Recorded data:
___

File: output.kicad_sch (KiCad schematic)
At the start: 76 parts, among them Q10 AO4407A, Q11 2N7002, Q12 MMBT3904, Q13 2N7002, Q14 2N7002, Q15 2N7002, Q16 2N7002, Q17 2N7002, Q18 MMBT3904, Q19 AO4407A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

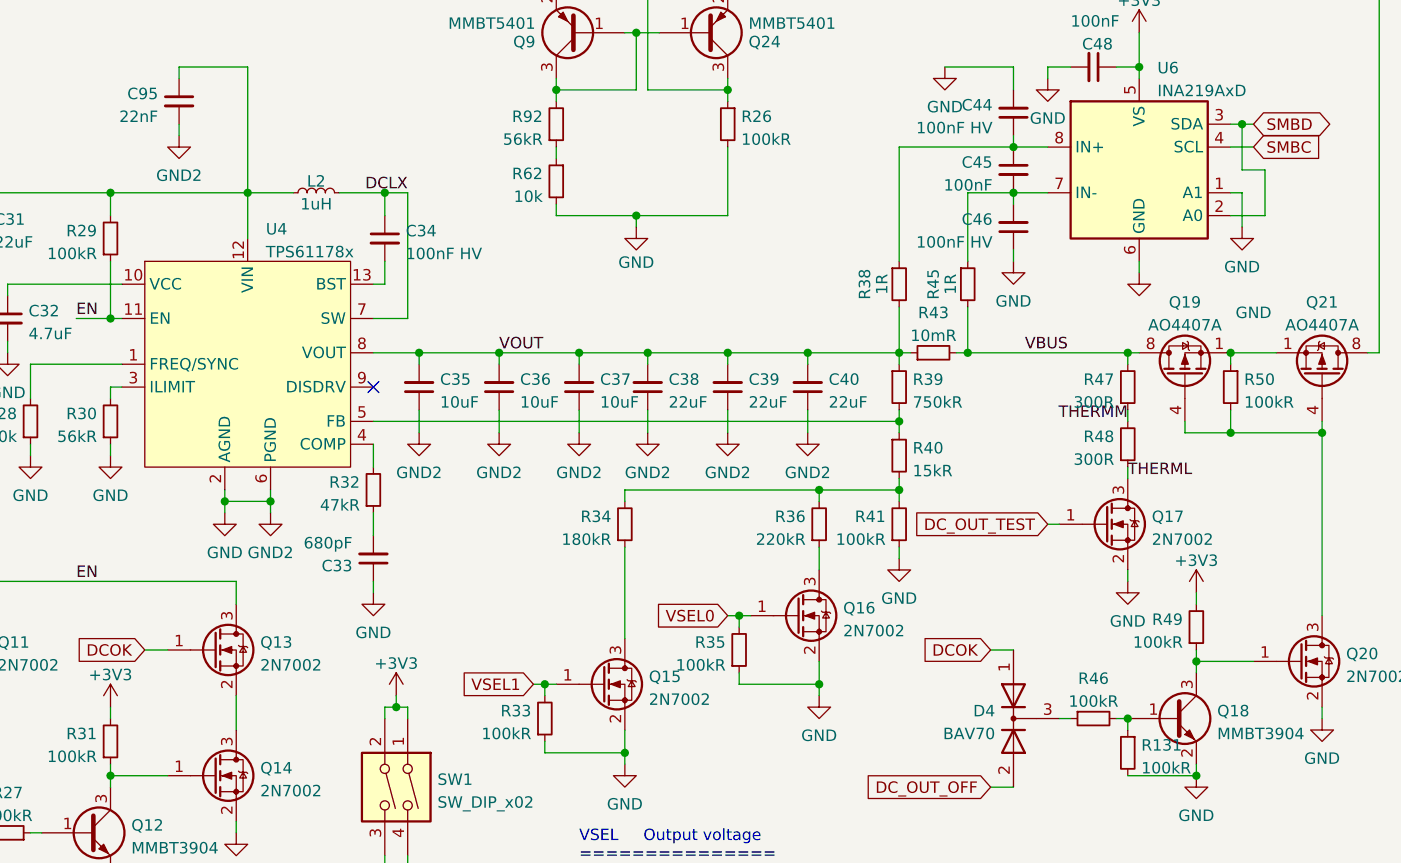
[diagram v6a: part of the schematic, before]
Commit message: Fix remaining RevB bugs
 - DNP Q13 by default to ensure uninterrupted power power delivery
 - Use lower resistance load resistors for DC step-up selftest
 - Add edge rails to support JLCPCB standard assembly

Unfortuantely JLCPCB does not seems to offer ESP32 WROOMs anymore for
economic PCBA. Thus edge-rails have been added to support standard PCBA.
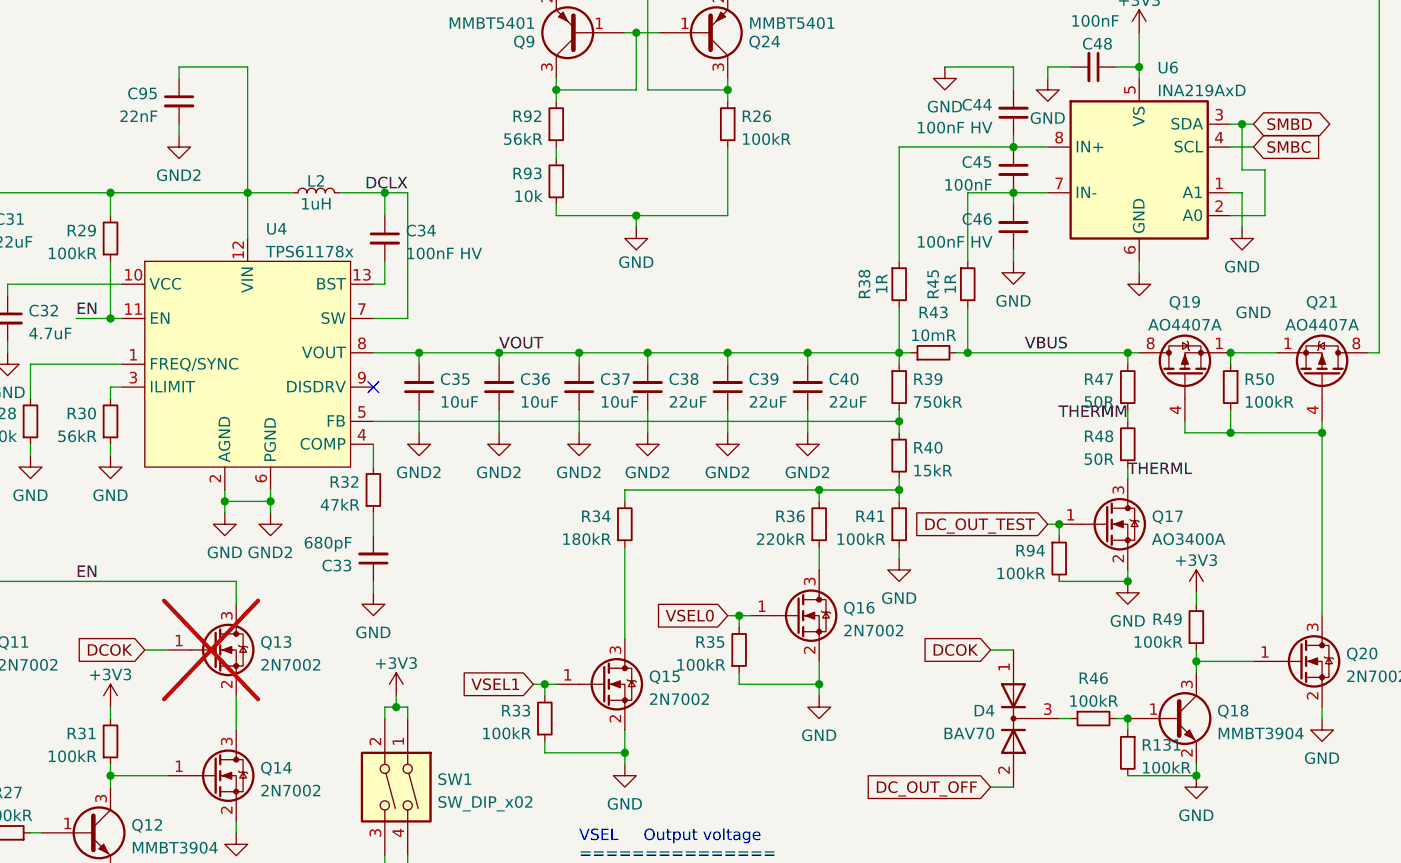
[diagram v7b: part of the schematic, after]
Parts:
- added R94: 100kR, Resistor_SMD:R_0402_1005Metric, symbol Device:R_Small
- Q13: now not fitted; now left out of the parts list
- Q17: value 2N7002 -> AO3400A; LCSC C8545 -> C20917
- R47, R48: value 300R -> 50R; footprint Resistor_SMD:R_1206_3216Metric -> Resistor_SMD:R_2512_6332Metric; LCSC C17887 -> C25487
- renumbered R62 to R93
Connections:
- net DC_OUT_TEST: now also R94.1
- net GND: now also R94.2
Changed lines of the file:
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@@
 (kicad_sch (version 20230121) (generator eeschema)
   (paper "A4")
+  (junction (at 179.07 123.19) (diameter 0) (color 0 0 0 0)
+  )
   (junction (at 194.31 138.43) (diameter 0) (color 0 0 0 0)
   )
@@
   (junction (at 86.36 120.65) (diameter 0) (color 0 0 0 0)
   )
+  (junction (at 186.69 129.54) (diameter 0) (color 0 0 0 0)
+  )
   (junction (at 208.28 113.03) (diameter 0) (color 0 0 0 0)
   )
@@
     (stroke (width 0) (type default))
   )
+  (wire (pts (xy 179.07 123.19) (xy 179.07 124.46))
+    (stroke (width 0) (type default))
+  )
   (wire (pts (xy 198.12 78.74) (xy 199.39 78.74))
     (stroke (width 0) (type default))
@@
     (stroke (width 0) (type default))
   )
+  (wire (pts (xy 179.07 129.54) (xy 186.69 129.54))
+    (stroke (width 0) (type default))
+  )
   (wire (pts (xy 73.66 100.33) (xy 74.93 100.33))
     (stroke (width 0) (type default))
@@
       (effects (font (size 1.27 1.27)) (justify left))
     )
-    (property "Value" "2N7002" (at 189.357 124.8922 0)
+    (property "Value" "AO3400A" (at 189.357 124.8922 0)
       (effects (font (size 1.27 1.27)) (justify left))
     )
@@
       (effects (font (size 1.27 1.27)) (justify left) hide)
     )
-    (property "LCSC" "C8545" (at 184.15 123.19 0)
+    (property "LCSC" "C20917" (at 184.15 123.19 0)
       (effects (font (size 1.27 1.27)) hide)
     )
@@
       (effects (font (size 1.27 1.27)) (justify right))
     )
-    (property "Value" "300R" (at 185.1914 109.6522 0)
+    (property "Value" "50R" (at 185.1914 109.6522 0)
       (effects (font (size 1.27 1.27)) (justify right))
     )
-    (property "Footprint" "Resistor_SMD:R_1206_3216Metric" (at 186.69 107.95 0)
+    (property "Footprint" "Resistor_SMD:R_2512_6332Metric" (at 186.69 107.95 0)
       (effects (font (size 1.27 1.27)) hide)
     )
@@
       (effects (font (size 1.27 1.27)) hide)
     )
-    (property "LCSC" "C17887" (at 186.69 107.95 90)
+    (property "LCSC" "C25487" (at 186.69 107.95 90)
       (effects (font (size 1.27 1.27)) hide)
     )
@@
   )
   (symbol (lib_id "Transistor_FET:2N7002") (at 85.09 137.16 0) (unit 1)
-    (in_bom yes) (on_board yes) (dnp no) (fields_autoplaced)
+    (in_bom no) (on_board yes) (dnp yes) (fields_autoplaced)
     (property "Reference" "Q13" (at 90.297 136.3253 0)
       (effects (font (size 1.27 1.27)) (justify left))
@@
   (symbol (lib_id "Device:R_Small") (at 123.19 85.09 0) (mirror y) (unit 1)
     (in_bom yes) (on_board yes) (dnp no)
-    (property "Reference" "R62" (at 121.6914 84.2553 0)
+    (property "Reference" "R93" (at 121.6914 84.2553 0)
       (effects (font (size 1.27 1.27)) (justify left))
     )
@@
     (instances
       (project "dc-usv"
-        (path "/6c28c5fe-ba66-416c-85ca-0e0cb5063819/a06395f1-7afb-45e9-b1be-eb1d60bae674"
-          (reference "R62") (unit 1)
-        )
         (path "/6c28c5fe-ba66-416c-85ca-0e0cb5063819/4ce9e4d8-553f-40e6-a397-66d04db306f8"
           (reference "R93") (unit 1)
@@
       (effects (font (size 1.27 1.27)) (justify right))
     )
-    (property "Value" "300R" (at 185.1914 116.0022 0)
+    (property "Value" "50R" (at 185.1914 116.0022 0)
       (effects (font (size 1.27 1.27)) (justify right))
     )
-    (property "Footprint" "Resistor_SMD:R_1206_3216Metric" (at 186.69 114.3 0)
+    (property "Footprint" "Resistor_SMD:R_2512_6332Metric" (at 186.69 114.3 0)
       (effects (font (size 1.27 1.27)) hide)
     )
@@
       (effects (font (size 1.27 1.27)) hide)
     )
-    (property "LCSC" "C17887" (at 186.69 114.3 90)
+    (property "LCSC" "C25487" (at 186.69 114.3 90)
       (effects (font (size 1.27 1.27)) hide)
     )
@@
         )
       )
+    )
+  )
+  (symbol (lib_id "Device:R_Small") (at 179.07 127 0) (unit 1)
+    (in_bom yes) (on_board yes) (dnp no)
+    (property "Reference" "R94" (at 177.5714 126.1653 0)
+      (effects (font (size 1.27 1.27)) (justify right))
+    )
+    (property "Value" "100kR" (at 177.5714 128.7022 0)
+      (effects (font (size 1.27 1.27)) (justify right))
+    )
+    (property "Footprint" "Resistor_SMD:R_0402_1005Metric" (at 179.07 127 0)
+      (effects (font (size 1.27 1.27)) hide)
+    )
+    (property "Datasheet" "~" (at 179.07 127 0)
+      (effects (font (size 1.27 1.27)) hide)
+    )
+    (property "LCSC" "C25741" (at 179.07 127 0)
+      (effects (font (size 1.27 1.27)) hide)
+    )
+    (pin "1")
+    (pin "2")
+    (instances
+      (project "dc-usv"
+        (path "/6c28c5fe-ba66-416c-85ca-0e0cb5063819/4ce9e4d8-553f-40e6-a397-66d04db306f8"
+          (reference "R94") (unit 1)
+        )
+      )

___

■ Problem requirements:
Could you copy each line above exactly as written, minus any pictures?

■ Response to this task:
File: output.kicad_sch (KiCad schematic)
At the start: 76 parts, among them Q10 AO4407A, Q11 2N7002, Q12 MMBT3904, Q13 2N7002, Q14 2N7002, Q15 2N7002, Q16 2N7002, Q17 2N7002, Q18 MMBT3904, Q19 AO4407A

[diagram v6a: part of the schematic, before]
Commit message: Fix remaining RevB bugs
 - DNP Q13 by default to ensure uninterrupted power power delivery
 - Use lower resistance load resistors for DC step-up selftest
 - Add edge rails to support JLCPCB standard assembly

Unfortuantely JLCPCB does not seems to offer ESP32 WROOMs anymore for
economic PCBA. Thus edge-rails have been added to support standard PCBA.
[diagram v7b: part of the schematic, after]
Parts:
- added R94: 100kR, Resistor_SMD:R_0402_1005Metric, symbol Device:R_Small
- Q13: now not fitted; now left out of the parts list
- Q17: value 2N7002 -> AO3400A; LCSC C8545 -> C20917
- R47, R48: value 300R -> 50R; footprint Resistor_SMD:R_1206_3216Metric -> Resistor_SMD:R_2512_6332Metric; LCSC C17887 -> C25487
- renumbered R62 to R93
Connections:
- net DC_OUT_TEST: now also R94.1
- net GND: now also R94.2
Changed lines of the file:
@@
 (kicad_sch (version 20230121) (generator eeschema)
   (paper "A4")
+  (junction (at 179.07 123.19) (diameter 0) (color 0 0 0 0)
+  )
   (junction (at 194.31 138.43) (diameter 0) (color 0 0 0 0)
   )
@@
   (junction (at 86.36 120.65) (diameter 0) (color 0 0 0 0)
   )
+  (junction (at 186.69 129.54) (diameter 0) (color 0 0 0 0)
+  )
   (junction (at 208.28 113.03) (diameter 0) (color 0 0 0 0)
   )
@@
     (stroke (width 0) (type default))
   )
+  (wire (pts (xy 179.07 123.19) (xy 179.07 124.46))
+    (stroke (width 0) (type default))
+  )
   (wire (pts (xy 198.12 78.74) (xy 199.39 78.74))
     (stroke (width 0) (type default))
@@
     (stroke (width 0) (type default))
   )
+  (wire (pts (xy 179.07 129.54) (xy 186.69 129.54))
+    (stroke (width 0) (type default))
+  )
   (wire (pts (xy 73.66 100.33) (xy 74.93 100.33))
     (stroke (width 0) (type default))
@@
       (effects (font (size 1.27 1.27)) (justify left))
     )
-    (property "Value" "2N7002" (at 189.357 124.8922 0)
+    (property "Value" "AO3400A" (at 189.357 124.8922 0)
       (effects (font (size 1.27 1.27)) (justify left))
     )
@@
       (effects (font (size 1.27 1.27)) (justify left) hide)
     )
-    (property "LCSC" "C8545" (at 184.15 123.19 0)
+    (property "LCSC" "C20917" (at 184.15 123.19 0)
       (effects (font (size 1.27 1.27)) hide)
     )
@@
       (effects (font (size 1.27 1.27)) (justify right))
     )
-    (property "Value" "300R" (at 185.1914 109.6522 0)
+    (property "Value" "50R" (at 185.1914 109.6522 0)
       (effects (font (size 1.27 1.27)) (justify right))
     )
-    (property "Footprint" "Resistor_SMD:R_1206_3216Metric" (at 186.69 107.95 0)
+    (property "Footprint" "Resistor_SMD:R_2512_6332Metric" (at 186.69 107.95 0)
       (effects (font (size 1.27 1.27)) hide)
     )
@@
       (effects (font (size 1.27 1.27)) hide)
     )
-    (property "LCSC" "C17887" (at 186.69 107.95 90)
+    (property "LCSC" "C25487" (at 186.69 107.95 90)
       (effects (font (size 1.27 1.27)) hide)
     )
@@
   )
   (symbol (lib_id "Transistor_FET:2N7002") (at 85.09 137.16 0) (unit 1)
-    (in_bom yes) (on_board yes) (dnp no) (fields_autoplaced)
+    (in_bom no) (on_board yes) (dnp yes) (fields_autoplaced)
     (property "Reference" "Q13" (at 90.297 136.3253 0)
       (effects (font (size 1.27 1.27)) (justify left))
@@
   (symbol (lib_id "Device:R_Small") (at 123.19 85.09 0) (mirror y) (unit 1)
     (in_bom yes) (on_board yes) (dnp no)
-    (property "Reference" "R62" (at 121.6914 84.2553 0)
+    (property "Reference" "R93" (at 121.6914 84.2553 0)
       (effects (font (size 1.27 1.27)) (justify left))
     )
@@
     (instances
       (project "dc-usv"
-        (path "/6c28c5fe-ba66-416c-85ca-0e0cb5063819/a06395f1-7afb-45e9-b1be-eb1d60bae674"
-          (reference "R62") (unit 1)
-        )
         (path "/6c28c5fe-ba66-416c-85ca-0e0cb5063819/4ce9e4d8-553f-40e6-a397-66d04db306f8"
           (reference "R93") (unit 1)
@@
       (effects (font (size 1.27 1.27)) (justify right))
     )
-    (property "Value" "300R" (at 185.1914 116.0022 0)
+    (property "Value" "50R" (at 185.1914 116.0022 0)
       (effects (font (size 1.27 1.27)) (justify right))
     )
-    (property "Footprint" "Resistor_SMD:R_1206_3216Metric" (at 186.69 114.3 0)
+    (property "Footprint" "Resistor_SMD:R_2512_6332Metric" (at 186.69 114.3 0)
       (effects (font (size 1.27 1.27)) hide)
     )
@@
       (effects (font (size 1.27 1.27)) hide)
     )
-    (property "LCSC" "C17887" (at 186.69 114.3 90)
+    (property "LCSC" "C25487" (at 186.69 114.3 90)
       (effects (font (size 1.27 1.27)) hide)
     )
@@
         )
       )
+    )
+  )
+  (symbol (lib_id "Device:R_Small") (at 179.07 127 0) (unit 1)
+    (in_bom yes) (on_board yes) (dnp no)
+    (property "Reference" "R94" (at 177.5714 126.1653 0)
+      (effects (font (size 1.27 1.27)) (justify right))
+    )
+    (property "Value" "100kR" (at 177.5714 128.7022 0)
+      (effects (font (size 1.27 1.27)) (justify right))
+    )
+    (property "Footprint" "Resistor_SMD:R_0402_1005Metric" (at 179.07 127 0)
+      (effects (font (size 1.27 1.27)) hide)
+    )
+    (property "Datasheet" "~" (at 179.07 127 0)
+      (effects (font (size 1.27 1.27)) hide)
+    )
+    (property "LCSC" "C25741" (at 179.07 127 0)
+      (effects (font (size 1.27 1.27)) hide)
+    )
+    (pin "1")
+    (pin "2")
+    (instances
+      (project "dc-usv"
+        (path "/6c28c5fe-ba66-416c-85ca-0e0cb5063819/4ce9e4d8-553f-40e6-a397-66d04db306f8"
+          (reference "R94") (unit 1)
+        )
+      )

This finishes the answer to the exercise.